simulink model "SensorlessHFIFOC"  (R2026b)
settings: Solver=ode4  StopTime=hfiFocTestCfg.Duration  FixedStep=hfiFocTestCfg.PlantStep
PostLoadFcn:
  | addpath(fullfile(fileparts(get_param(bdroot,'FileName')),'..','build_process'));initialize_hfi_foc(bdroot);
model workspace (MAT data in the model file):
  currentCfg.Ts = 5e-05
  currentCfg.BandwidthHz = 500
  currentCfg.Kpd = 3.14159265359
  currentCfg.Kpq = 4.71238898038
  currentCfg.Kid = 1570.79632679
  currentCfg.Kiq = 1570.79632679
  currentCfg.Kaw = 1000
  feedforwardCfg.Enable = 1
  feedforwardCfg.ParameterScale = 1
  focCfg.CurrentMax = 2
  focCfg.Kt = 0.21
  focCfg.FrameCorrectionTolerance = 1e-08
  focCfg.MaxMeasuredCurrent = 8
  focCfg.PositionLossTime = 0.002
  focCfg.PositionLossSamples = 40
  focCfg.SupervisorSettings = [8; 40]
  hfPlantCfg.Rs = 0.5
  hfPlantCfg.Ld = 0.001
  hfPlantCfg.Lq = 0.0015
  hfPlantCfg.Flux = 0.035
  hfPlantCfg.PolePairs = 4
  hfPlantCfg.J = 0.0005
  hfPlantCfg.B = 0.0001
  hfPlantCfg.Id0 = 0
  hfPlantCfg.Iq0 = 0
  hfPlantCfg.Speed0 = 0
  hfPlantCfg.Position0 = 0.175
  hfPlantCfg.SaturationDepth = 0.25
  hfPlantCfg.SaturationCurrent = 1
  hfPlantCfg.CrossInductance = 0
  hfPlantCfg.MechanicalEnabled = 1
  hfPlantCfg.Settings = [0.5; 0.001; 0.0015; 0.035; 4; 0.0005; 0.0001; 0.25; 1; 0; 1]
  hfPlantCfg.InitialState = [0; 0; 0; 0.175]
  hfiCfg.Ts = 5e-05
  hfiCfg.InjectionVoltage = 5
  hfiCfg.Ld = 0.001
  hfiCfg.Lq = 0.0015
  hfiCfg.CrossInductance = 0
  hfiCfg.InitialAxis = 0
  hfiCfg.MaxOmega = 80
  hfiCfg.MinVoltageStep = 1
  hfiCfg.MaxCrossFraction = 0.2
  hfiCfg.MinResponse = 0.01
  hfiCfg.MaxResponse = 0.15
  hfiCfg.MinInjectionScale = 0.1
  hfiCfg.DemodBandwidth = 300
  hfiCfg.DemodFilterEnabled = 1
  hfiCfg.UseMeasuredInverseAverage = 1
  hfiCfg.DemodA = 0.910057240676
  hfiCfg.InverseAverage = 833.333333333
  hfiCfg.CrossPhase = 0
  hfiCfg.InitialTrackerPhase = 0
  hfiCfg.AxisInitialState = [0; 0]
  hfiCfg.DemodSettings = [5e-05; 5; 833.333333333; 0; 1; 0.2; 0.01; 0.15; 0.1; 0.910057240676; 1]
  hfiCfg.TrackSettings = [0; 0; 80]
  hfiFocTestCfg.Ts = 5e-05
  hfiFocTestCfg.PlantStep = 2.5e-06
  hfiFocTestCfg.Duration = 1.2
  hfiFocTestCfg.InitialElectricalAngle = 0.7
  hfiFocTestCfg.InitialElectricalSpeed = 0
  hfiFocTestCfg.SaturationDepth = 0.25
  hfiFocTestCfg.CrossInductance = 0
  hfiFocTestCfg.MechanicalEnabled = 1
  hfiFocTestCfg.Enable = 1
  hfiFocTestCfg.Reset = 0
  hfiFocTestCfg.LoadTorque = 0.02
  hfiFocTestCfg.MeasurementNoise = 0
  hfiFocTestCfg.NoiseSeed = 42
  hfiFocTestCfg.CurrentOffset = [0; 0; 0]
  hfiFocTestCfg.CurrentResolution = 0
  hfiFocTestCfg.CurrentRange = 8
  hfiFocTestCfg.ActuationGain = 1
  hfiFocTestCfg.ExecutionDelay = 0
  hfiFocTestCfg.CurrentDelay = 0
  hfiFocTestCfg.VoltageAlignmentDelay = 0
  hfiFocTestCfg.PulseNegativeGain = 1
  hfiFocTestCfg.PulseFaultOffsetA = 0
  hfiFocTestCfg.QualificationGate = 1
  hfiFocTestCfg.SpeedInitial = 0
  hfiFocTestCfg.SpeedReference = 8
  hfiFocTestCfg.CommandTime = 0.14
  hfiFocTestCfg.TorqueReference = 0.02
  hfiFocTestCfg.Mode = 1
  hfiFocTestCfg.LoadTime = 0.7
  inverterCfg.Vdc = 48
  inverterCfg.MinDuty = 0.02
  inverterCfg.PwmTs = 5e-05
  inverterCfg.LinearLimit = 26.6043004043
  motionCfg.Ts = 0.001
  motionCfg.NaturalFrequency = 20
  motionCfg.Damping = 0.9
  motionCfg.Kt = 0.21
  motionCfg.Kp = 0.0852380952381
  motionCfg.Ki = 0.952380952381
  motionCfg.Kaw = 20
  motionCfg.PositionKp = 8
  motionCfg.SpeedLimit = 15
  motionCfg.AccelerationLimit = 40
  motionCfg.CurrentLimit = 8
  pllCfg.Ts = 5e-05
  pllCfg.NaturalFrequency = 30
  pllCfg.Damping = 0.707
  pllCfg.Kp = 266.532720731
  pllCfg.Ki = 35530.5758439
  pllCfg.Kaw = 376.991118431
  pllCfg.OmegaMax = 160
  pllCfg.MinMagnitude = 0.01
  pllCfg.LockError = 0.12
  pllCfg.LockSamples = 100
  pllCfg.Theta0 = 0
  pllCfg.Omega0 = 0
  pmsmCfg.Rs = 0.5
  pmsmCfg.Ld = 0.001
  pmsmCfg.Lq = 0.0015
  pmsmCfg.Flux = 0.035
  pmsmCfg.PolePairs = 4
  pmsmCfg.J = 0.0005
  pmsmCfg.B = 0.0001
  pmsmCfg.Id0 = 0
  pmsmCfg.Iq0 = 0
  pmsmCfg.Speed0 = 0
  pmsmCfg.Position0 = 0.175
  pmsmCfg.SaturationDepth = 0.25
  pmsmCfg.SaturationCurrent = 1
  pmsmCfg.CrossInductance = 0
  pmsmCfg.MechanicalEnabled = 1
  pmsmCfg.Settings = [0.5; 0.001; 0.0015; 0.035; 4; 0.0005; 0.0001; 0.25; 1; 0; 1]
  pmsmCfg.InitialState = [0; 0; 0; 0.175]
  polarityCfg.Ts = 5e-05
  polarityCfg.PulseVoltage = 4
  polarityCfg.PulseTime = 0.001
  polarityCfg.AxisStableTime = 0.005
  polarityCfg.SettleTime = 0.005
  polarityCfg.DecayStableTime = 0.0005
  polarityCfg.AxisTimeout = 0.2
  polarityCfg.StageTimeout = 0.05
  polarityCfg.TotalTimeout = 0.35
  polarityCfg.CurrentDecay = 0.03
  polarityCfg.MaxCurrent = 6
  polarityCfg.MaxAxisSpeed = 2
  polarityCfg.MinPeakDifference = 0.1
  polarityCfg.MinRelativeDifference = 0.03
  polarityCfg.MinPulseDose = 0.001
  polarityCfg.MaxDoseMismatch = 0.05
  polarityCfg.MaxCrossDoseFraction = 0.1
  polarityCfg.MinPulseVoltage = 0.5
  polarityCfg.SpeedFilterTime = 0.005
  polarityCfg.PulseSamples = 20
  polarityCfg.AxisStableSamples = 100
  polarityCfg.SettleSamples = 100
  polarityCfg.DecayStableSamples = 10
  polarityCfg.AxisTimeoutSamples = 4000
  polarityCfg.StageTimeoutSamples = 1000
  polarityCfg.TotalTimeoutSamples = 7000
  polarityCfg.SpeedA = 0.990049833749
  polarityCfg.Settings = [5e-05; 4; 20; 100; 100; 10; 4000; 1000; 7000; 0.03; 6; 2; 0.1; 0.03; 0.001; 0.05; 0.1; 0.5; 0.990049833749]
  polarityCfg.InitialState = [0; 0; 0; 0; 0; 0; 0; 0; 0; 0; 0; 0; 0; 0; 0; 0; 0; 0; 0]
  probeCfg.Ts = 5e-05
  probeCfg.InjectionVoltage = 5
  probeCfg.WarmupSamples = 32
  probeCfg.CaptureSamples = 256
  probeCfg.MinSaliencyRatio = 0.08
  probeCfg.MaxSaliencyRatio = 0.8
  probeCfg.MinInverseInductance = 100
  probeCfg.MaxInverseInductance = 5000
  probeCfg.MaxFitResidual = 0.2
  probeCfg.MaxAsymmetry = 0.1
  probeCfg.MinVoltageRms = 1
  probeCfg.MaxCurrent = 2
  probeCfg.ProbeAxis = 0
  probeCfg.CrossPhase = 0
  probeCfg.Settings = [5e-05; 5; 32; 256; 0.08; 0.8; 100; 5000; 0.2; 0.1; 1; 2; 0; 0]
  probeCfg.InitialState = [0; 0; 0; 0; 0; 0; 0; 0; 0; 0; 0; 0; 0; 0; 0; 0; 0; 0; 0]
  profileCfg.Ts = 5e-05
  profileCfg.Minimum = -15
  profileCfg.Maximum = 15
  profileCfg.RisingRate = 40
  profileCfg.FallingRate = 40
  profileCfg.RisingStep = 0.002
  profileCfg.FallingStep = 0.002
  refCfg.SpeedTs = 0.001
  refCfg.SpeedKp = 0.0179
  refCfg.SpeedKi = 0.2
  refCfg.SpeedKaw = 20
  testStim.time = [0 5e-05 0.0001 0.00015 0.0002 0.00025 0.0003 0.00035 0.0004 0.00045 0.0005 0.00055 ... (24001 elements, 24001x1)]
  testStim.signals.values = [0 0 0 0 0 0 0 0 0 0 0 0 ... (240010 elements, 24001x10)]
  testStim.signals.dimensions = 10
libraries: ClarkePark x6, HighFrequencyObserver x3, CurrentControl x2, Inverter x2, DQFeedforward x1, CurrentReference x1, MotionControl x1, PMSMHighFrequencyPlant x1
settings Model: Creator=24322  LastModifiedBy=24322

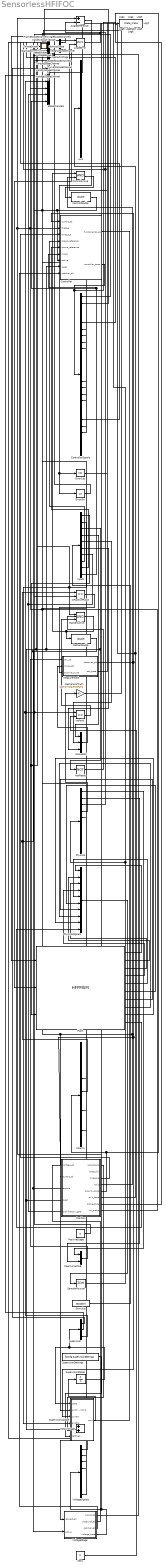
== system SensorlessHFIFOC ==
  AngleDifference : Sum  Inputs=+-
  AngleError : Trigonometry  Operator=atan2
  AngleScope : Scope
  AngleScopeChannels : Mux  Inputs=3
  AppliedVoltage : Demux  Outputs=2
  Axis : Demux  Outputs=15
  ControlActive : Logic  IconShape=distinctive  AllPortsSameDT=off  OutDataTypeStr=boolean
  ControlDouble : DataTypeConversion  OutDataTypeStr=double  SaturateOnIntegerOverflow=off  RndMeth=Floor
  Controller : Subsystem
  ControllerSignals : Demux  Outputs=25
  CurrentScope : Scope
  CurrentScopeChannels : Mux
  ErrorCos : Trigonometry  Operator=cos
  ErrorSin : Trigonometry
  FrameScope : Scope
  FrameScopeChannels : Mux  Inputs=3
  Inputs : Demux  Outputs=10
  IntegralScope : Scope
  IntegralScopeChannels : Mux
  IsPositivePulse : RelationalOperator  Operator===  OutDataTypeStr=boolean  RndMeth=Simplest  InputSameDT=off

============

**EXERCISE DESCRIPTION**
Copy out word for word each line of the listing, from the very first line down to the line containing "hfiFocTestCfg.PlantStep = 2.5e-06", and stop after that line.

**TASK RESULT**
simulink model "SensorlessHFIFOC"  (R2026b)
settings: Solver=ode4  StopTime=hfiFocTestCfg.Duration  FixedStep=hfiFocTestCfg.PlantStep
PostLoadFcn:
  | addpath(fullfile(fileparts(get_param(bdroot,'FileName')),'..','build_process'));initialize_hfi_foc(bdroot);
model workspace (MAT data in the model file):
  currentCfg.Ts = 5e-05
  currentCfg.BandwidthHz = 500
  currentCfg.Kpd = 3.14159265359
  currentCfg.Kpq = 4.71238898038
  currentCfg.Kid = 1570.79632679
  currentCfg.Kiq = 1570.79632679
  currentCfg.Kaw = 1000
  feedforwardCfg.Enable = 1
  feedforwardCfg.ParameterScale = 1
  focCfg.CurrentMax = 2
  focCfg.Kt = 0.21
  focCfg.FrameCorrectionTolerance = 1e-08
  focCfg.MaxMeasuredCurrent = 8
  focCfg.PositionLossTime = 0.002
  focCfg.PositionLossSamples = 40
  focCfg.SupervisorSettings = [8; 40]
  hfPlantCfg.Rs = 0.5
  hfPlantCfg.Ld = 0.001
  hfPlantCfg.Lq = 0.0015
  hfPlantCfg.Flux = 0.035
  hfPlantCfg.PolePairs = 4
  hfPlantCfg.J = 0.0005
  hfPlantCfg.B = 0.0001
  hfPlantCfg.Id0 = 0
  hfPlantCfg.Iq0 = 0
  hfPlantCfg.Speed0 = 0
  hfPlantCfg.Position0 = 0.175
  hfPlantCfg.SaturationDepth = 0.25
  hfPlantCfg.SaturationCurrent = 1
  hfPlantCfg.CrossInductance = 0
  hfPlantCfg.MechanicalEnabled = 1
  hfPlantCfg.Settings = [0.5; 0.001; 0.0015; 0.035; 4; 0.0005; 0.0001; 0.25; 1; 0; 1]
  hfPlantCfg.InitialState = [0; 0; 0; 0.175]
  hfiCfg.Ts = 5e-05
  hfiCfg.InjectionVoltage = 5
  hfiCfg.Ld = 0.001
  hfiCfg.Lq = 0.0015
  hfiCfg.CrossInductance = 0
  hfiCfg.InitialAxis = 0
  hfiCfg.MaxOmega = 80
  hfiCfg.MinVoltageStep = 1
  hfiCfg.MaxCrossFraction = 0.2
  hfiCfg.MinResponse = 0.01
  hfiCfg.MaxResponse = 0.15
  hfiCfg.MinInjectionScale = 0.1
  hfiCfg.DemodBandwidth = 300
  hfiCfg.DemodFilterEnabled = 1
  hfiCfg.UseMeasuredInverseAverage = 1
  hfiCfg.DemodA = 0.910057240676
  hfiCfg.InverseAverage = 833.333333333
  hfiCfg.CrossPhase = 0
  hfiCfg.InitialTrackerPhase = 0
  hfiCfg.AxisInitialState = [0; 0]
  hfiCfg.DemodSettings = [5e-05; 5; 833.333333333; 0; 1; 0.2; 0.01; 0.15; 0.1; 0.910057240676; 1]
  hfiCfg.TrackSettings = [0; 0; 80]
  hfiFocTestCfg.Ts = 5e-05
  hfiFocTestCfg.PlantStep = 2.5e-06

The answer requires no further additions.